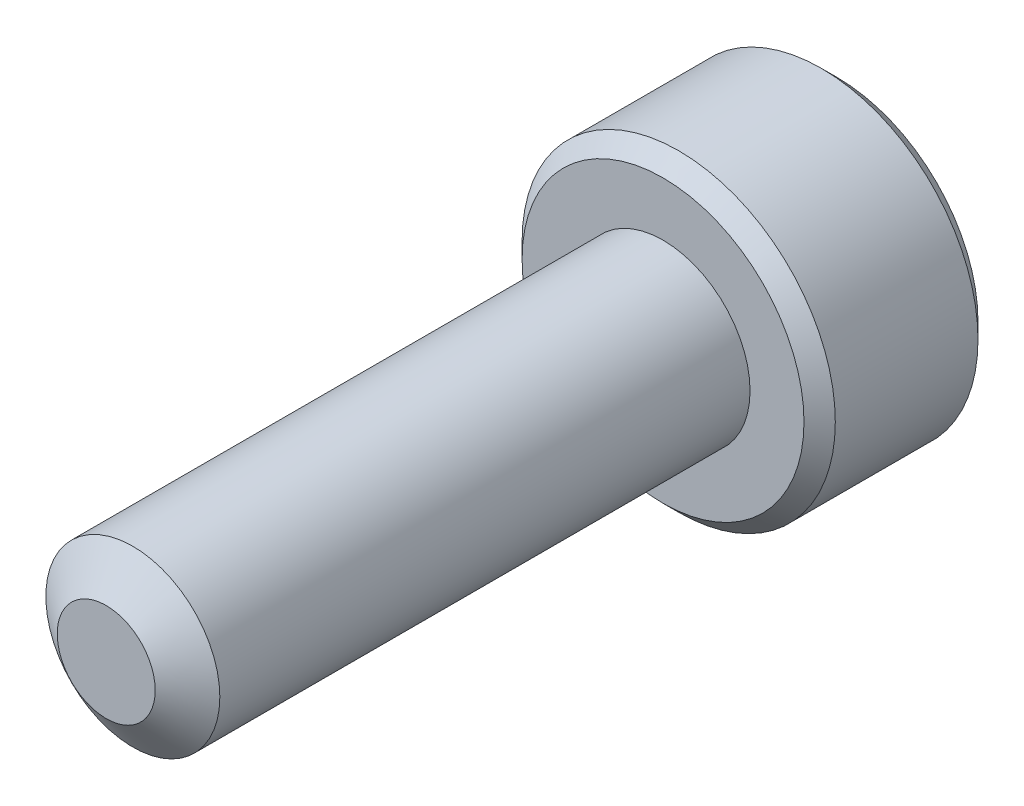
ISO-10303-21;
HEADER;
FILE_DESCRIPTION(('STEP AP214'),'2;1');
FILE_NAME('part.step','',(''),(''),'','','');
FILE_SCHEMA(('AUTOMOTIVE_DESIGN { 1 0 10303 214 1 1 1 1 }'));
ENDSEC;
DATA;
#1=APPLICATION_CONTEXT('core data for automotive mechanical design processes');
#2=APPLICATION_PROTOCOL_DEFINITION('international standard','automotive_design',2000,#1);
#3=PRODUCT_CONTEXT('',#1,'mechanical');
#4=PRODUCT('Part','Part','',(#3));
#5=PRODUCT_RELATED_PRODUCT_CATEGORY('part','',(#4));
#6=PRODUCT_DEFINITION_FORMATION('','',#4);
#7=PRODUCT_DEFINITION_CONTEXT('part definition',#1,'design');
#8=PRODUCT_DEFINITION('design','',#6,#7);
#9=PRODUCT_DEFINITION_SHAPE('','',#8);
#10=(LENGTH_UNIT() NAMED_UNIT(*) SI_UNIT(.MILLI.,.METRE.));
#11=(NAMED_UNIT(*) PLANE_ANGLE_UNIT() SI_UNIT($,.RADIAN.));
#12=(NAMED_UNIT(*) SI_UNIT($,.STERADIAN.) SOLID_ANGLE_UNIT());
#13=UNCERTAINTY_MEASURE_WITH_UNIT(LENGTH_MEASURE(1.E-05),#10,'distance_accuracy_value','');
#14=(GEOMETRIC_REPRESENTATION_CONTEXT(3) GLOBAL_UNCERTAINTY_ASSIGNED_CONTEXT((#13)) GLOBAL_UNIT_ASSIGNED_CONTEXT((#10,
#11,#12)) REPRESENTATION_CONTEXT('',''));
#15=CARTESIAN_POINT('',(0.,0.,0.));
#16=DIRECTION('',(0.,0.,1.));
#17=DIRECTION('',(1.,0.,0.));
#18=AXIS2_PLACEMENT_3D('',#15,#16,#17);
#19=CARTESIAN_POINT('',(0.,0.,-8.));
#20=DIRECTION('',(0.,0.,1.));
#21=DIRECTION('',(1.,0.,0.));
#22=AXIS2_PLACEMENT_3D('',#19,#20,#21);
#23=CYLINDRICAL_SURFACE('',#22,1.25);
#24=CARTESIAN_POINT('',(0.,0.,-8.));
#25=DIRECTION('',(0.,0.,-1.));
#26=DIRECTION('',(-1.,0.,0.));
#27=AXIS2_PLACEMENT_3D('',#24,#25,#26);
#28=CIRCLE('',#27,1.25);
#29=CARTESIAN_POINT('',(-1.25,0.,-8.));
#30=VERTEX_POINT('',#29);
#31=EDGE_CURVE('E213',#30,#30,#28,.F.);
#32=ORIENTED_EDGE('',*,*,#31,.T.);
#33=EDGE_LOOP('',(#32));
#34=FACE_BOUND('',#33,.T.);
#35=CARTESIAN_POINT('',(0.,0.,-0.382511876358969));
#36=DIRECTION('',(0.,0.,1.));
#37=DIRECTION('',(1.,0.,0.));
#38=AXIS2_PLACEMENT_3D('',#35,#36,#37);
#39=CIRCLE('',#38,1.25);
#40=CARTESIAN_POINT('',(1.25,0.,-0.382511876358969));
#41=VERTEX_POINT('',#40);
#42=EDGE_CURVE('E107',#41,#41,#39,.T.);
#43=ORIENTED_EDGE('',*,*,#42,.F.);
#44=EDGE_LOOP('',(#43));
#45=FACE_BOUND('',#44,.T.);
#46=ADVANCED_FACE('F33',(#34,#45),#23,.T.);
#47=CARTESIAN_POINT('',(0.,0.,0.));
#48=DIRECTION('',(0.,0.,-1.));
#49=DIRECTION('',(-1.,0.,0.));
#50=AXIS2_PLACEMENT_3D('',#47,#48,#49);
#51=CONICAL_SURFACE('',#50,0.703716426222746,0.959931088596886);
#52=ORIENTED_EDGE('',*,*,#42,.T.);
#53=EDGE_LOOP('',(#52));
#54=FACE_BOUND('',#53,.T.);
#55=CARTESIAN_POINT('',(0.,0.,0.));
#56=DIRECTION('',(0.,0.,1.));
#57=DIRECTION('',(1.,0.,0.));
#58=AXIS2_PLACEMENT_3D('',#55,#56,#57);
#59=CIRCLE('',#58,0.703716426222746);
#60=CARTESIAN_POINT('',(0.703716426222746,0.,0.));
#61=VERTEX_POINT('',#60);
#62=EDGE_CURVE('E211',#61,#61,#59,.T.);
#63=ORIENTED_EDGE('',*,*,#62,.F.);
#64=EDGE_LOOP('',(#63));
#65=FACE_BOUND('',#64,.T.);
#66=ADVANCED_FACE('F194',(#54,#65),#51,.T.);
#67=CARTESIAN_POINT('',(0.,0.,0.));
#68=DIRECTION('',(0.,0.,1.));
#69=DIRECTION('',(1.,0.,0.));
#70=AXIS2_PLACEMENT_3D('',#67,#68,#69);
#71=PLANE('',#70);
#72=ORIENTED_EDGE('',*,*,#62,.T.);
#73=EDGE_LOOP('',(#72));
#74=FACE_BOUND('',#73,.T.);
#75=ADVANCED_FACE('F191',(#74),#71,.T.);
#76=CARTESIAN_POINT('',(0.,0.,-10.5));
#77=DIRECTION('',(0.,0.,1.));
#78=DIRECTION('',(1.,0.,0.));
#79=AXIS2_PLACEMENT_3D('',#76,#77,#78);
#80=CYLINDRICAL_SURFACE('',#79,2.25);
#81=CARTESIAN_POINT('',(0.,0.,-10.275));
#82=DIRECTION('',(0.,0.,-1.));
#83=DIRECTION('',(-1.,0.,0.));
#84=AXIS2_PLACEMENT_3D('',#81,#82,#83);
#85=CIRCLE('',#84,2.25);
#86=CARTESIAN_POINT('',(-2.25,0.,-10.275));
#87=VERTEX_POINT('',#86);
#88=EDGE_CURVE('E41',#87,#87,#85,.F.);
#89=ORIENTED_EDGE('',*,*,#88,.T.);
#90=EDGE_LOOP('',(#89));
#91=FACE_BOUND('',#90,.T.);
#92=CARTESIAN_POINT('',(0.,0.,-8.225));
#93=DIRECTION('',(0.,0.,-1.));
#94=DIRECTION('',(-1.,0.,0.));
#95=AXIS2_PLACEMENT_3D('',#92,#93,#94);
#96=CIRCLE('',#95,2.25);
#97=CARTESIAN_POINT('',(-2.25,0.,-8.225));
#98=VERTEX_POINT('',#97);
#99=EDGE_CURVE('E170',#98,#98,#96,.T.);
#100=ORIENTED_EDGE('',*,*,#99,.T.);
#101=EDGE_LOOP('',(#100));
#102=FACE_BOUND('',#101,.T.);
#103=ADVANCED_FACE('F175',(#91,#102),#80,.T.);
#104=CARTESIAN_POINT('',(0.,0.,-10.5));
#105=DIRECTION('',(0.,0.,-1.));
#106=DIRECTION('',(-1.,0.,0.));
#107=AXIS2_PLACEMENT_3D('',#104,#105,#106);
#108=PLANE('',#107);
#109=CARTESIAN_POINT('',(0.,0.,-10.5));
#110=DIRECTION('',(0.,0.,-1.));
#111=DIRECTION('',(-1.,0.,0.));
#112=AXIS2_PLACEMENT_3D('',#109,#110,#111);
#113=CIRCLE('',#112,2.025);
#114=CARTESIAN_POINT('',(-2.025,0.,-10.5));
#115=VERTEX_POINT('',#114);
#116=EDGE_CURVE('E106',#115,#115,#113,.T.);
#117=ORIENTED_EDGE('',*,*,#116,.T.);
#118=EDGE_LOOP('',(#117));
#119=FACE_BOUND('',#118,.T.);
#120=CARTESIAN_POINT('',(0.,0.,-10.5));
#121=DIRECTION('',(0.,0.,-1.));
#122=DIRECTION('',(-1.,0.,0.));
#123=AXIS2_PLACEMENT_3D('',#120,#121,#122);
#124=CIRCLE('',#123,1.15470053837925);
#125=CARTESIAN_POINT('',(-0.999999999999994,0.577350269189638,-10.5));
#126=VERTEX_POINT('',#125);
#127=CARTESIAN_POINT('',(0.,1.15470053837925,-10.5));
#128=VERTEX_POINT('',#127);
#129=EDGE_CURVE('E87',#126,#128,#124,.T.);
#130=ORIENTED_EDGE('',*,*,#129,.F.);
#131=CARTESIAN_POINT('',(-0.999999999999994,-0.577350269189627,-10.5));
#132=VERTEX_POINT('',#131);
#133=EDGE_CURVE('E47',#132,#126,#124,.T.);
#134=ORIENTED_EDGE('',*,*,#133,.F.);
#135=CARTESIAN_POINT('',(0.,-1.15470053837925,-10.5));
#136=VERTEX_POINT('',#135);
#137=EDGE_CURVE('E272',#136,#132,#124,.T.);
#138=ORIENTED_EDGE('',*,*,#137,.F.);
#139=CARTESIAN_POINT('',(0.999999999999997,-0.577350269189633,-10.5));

- [Directions for this task] Using the entries above, give again exactly the lines from the line holding "#28=CIRCLE('',#27,1.25);" through the line holding "#44=EDGE_LOOP('',(#43));". Include both end lines and nothing else.

- [Task answer]
#28=CIRCLE('',#27,1.25);
#29=CARTESIAN_POINT('',(-1.25,0.,-8.));
#30=VERTEX_POINT('',#29);
#31=EDGE_CURVE('E213',#30,#30,#28,.F.);
#32=ORIENTED_EDGE('',*,*,#31,.T.);
#33=EDGE_LOOP('',(#32));
#34=FACE_BOUND('',#33,.T.);
#35=CARTESIAN_POINT('',(0.,0.,-0.382511876358969));
#36=DIRECTION('',(0.,0.,1.));
#37=DIRECTION('',(1.,0.,0.));
#38=AXIS2_PLACEMENT_3D('',#35,#36,#37);
#39=CIRCLE('',#38,1.25);
#40=CARTESIAN_POINT('',(1.25,0.,-0.382511876358969));
#41=VERTEX_POINT('',#40);
#42=EDGE_CURVE('E107',#41,#41,#39,.T.);
#43=ORIENTED_EDGE('',*,*,#42,.F.);
#44=EDGE_LOOP('',(#43));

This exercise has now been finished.